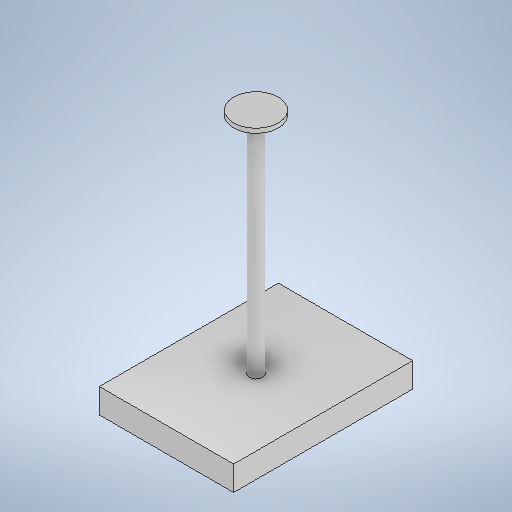
# Autodesk Inventor part: Corte
Saved by Autodesk Inventor 2025.2 (Build 292293000, 293)
## iProperties
Created: 2025-02-05
Part Number: Corte
Material: Generic
Document SubType Name: Modeling
Designer: Proyectos
Density: 1 g/cm^3
Appearance: Default
Author: Proyectos
Autodesk Inventor part; units mm, degrees
ref_plane "YZ Plane" through (0, 0, 0) normal (1, 0, 0) x (0, 1, 0)
ref_plane "XZ Plane" through (0, 0, 0) normal (0, 1, 0) x (-1, 0, 0)
ref_plane "XY Plane" through (0, 0, 0) normal (0, 0, 1) x (1, 0, 0)
sketch "Sketch1" plane through (0, 0, 0) normal (0, 1, 0) x (-1, 0, 0)
  line L0 (0, 0) -> (600, 0)
  line L1 (600, 0) -> (600, -800)
  line L2 (600, -800) -> (0, -800)
  line L3 (0, -800) -> (0, 0)
  line L4 (0, 0) -> (50, 0)
  line L5 (50, 0) -> (50, -50)
  line L6 (50, -50) -> (0, -50)
  line L7 (0, -50) -> (0, 0)
  line L8 (600, -800) -> (550, -800)
  line L9 (550, -800) -> (550, -750)
  line L10 (550, -750) -> (600, -750)
  line L11 (600, -750) -> (600, -800)
  line L12 (50, -50) -> (550, -50)
  line L13 (550, -50) -> (550, -750)
  line L14 (550, -750) -> (50, -750)
  line L15 (50, -750) -> (50, -50)
  dimension "d0" = 800
  dimension "d1" = 600
  dimension "d2" = 50
  dimension "d3" = 50
  dimension "d4" = 50
  dimension "d5" = 50
  constraints: 32 end point, 8 parallel, 4 horizontal, 4 perpendicular
  measures "d0" distance of L0.end L1.end
  measures "d1" distance of L1.end L2.end
  measures "d2" distance of L5.end L6.end
  measures "d3" distance of L4.end L5.end
  measures "d4" distance of L9.end L10.end
  measures "d5" distance of L8.end L9.end
extrude "Extrusion1" add sketch "Sketch1" along normal blind 100 contours L0 L5 L6 L3 | L0 L1 L10 L13 L12 L5 | L6 L15 L14 L9 L2 L3 | L1 L2 L9 L10
sketch "Sketch2" plane through (0, 100, 0) normal (0, 1, 0) x (1, 0, 0)
  line L0 (-600, 800) -> (-600, 0) projected
  line L1 (0, 0) -> (0, 800) projected
  line L2 (-600, 0) -> (0, 0)
  line L3 (0, 0) -> (0, 800)
  line L4 (0, 800) -> (-600, 800)
  line L5 (-600, 800) -> (-600, 0)
  circle A0 centre (-300, 400) radius 25
  dimension "d8" = 50
  constraints: 8 end point, 2 parallel, 1 centre point, 1 horizontal, 1 perpendicular
  measures "d8" diameter of A0
extrude "Extrusion2" add sketch "Sketch2" along normal blind 10 contours L4 L1 L2 L0 | A0
sketch "Sketch3" plane through (0, 110, 0) normal (0, 1, 0) x (1, 0, 0)
  line L0 (0, 0) -> (0, 800) projected
  line L1 (0, 800) -> (-600, 800) projected
  line L2 (-600, 800) -> (-600, 0) projected
  line L3 (-600, 0) -> (0, 0) projected
  circle A0 centre (-300, 400) radius 30
  dimension "d11" = 60
  constraints: 1 centre point
  measures "d11" diameter of A0
extrude "Extrusion3" add sketch "Sketch3" along normal blind 1000 contours A0
sketch "Sketch4" plane through (-300, 1110, -400) normal (0, 1, 0) x (1, 0, 0)
  circle A0 centre (0, 0) radius 30 projected
  circle A1 centre (0, 0) radius 100
  point P0 (300, -400)
  dimension "d14" = 200
  constraints: 1 centre point, 1 coincident
  measures "d14" diameter of A1
extrude "Extrusion4" add sketch "Sketch4" along normal blind 20 contours A0 | A1
body "Solid1"
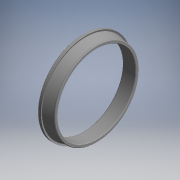
# Autodesk Inventor part: T4DB 170_ir
Saved by Autodesk Inventor 2017.3 (Build 213256000, 256)
## iProperties
Part Number: T4DB 170_ir
Material: Generic
Catalog Web Link: www.cadenas.de
Description: BT1_001_101_ir-Tapered roller bearings, single row
Vendor: SKF
Document SubType Name: Modeling
Designer: partserver
Manufacturer: SKF
Mass: 146.088 g
Surface Area: 477.416 cm^2
Volume: 146.088 cm^3
Density: 1 g/cm^3
Appearance: PSOLRGB-175-175-175
Category: PARTsolutions
Company: SKF
Title: T4DB 170_ir
Author: Cadenas PARTsolutions
Comments: Tapered roller bearings, single row
PSOL_IDENT_0: {$CADENAS_DATA\23d-libs\skf\bearings_units_and_housings\roller_bearings\tapered_roller_bearings\tape
PSOL_IDENT_1: red_roller_bearings_single_row\parts\bt1_001_101_ir.prj},172 {VTYP=3D},{NB=T4DB 170_ir},{LINA=T4DB 1
PSOL_IDENT_2: 70_ir},{NN=BT1_001_101_ir},{DATE=23.12.2020 07:01:43},{GEOMDATE=04.11.2020 10:28:00},{VERSION=},{LIN
PSOL_IDENT_3: EID=4320},{WBVAR=},{WBNUMERIC=}  {NB=T4DB 170_ir},{LINA=T4DB 170_ir},{KT=DUMMY},{DESIGNATION=T4DB 17
PSOL_IDENT_4: 0},{DD=170.000},{D=230.000},{T=32.000},{DD1=197.5000},{D1=MIN},{ALPHA=17.100},{RANGLE=2.500},{IRA=14
PSOL_IDENT_5: .600},{B=30.000},{C=23.000},{C1=MIN},{R12=3.0},{R34=3.0},{AA=44.29541},{PITCH=200.033},{DW=16.450},{
PSOL_IDENT_6: LW=21.500},{DDAMAX=182},{DDAMIN=184.5},{DAMIN=215},{DAMAX=216.0},{DBMIN=223},{CA=6},{CB=9.0},{RA=3.0
PSOL_IDENT_7: },{RB=3.0},{LOAD1=307.000},{LOAD2=440.000},{LOAD3=43.000},{SPEED1=2000},{SPEED2=2600},{EE=0.46},{Y=1
PSOL_IDENT_8: .30},{Y0=0.7},{Y1=0},{X1=1},{X2=0.4},{X0=0.5},{Z=37},{II=1},{R1=0.00000231},{R2=10.9},{S1=0.019},{S2=
PSOL_IDENT_9: 2},{KZ=6},{KL=0.7},{BF=2},{MASS=3.439},{DESIGN=trb1},{HELP=0.000},{PPATH=parts/bt1_001_101_asmtpl.pr
PSOL_IDENT_10: j},{SUPPRESS=N},{A4=200000},{A15=350000},{BEARING=T4DB 170},{A8=300000},{POPULAR=}
NB: T4DB 170_ir
NN: BT1_001_101_ir
NT: Tapered roller bearings, single row
NBSYN: $DESIGNATION._ir
LINA: T4DB 170_ir
CATALOG: SKF
DESIGNATION: T4DB 170
DD: 170
D: 230
T: 32
DD1: 197.5
D1: 0
ALPHA: 17.1
RANGLE: 2.5
IRA: 14.6
B: 30
C: 23
C1: 0
R12: 3
R34: 3
AA: 44.29541
PITCH: 200.033
DW: 16.45
LW: 21.5
DDAMAX: 182
DDAMIN: 184.5
DAMIN: 215
DAMAX: 216
DBMIN: 223
CA: 6
CB: 9
RA: 3
RB: 3
LOAD1: 307
LOAD2: 440
LOAD3: 43
SPEED1: 2000
SPEED2: 2600
EE: 0.46
Y: 1.3
Y0: 0.7
Y1: 0
X1: 1
X2: 0.4
X0: 0.5
Z: 37
II: 1
R1: 0.00000231
R2: 10.9
S1: 0.019
S2: 2
KZ: 6
KL: 0.7
BF: 2
MASS: 3.439
PPATH: parts/bt1_001_101_asmtpl.prj
SUPPRESS: N
A4: 200000
A15: 350000
BEARING: T4DB 170
A8: 300000
SUPPLIER: SKF
ARTICLENO: T4DB 170_ir
BOMINFO: T4DB 170_ir
CREATOR: CADENAS GmbH
Autodesk Inventor part; units mm, degrees
sketch "Sketch_1" plane through (0, 0, 0) normal (0, 0, 1) x (1, 0, 0)
  line L0 (32, 0) -> (-32, 0)
  line L1 (2, 86) -> (3, 85)
  line L2 (3, 85) -> (29, 85)
  arc A0 (29, 85) -> (32, 88) centre (29, 88) ccw
  line L3 (32, 88) -> (32, 97.75)
  line L4 (32, 97.75) -> (31, 98.75)
  line L5 (31, 98.75) -> (25.1631, 98.75)
  line L6 (25.1631, 98.75) -> (26.2196, 95.316)
  line L7 (26.2196, 95.316) -> (5.394, 89.8914)
  line L8 (5.394, 89.8914) -> (4.8095, 91.7915)
  line L9 (4.8095, 91.7915) -> (3, 91.7915)
  line L10 (3, 91.7915) -> (2, 90.7915)
  line L11 (2, 90.7915) -> (2, 86)
  constraints: 24 end point, 2 point on circle, 1 centre point
revolve "Revolution1" add sketch "Sketch_1" angle 360 about axis through (32, 0, 0) along (1, 0, 0)
ref_plane "inner_ring_XY" through (0, 0, 0) normal (0, 0, 1) x (1, 0, 0)
ref_plane "inner_ring_YZ" through (0, 0, 0) normal (1, 0, 0) x (0, 1, 0)
ref_plane "inner_ring_ZX" through (0, 0, 0) normal (0, 1, 0) x (0, 0, 1)
body "Solid1"

--------------------

*Exercise details*:
Using the listing, copy every line where the word "circle" shows up.

*Answer*:
  circle A0 centre (-300, 400) radius 25
  circle A0 centre (-300, 400) radius 30
  circle A0 centre (0, 0) radius 30 projected
  circle A1 centre (0, 0) radius 100
  constraints: 24 end point, 2 point on circle, 1 centre point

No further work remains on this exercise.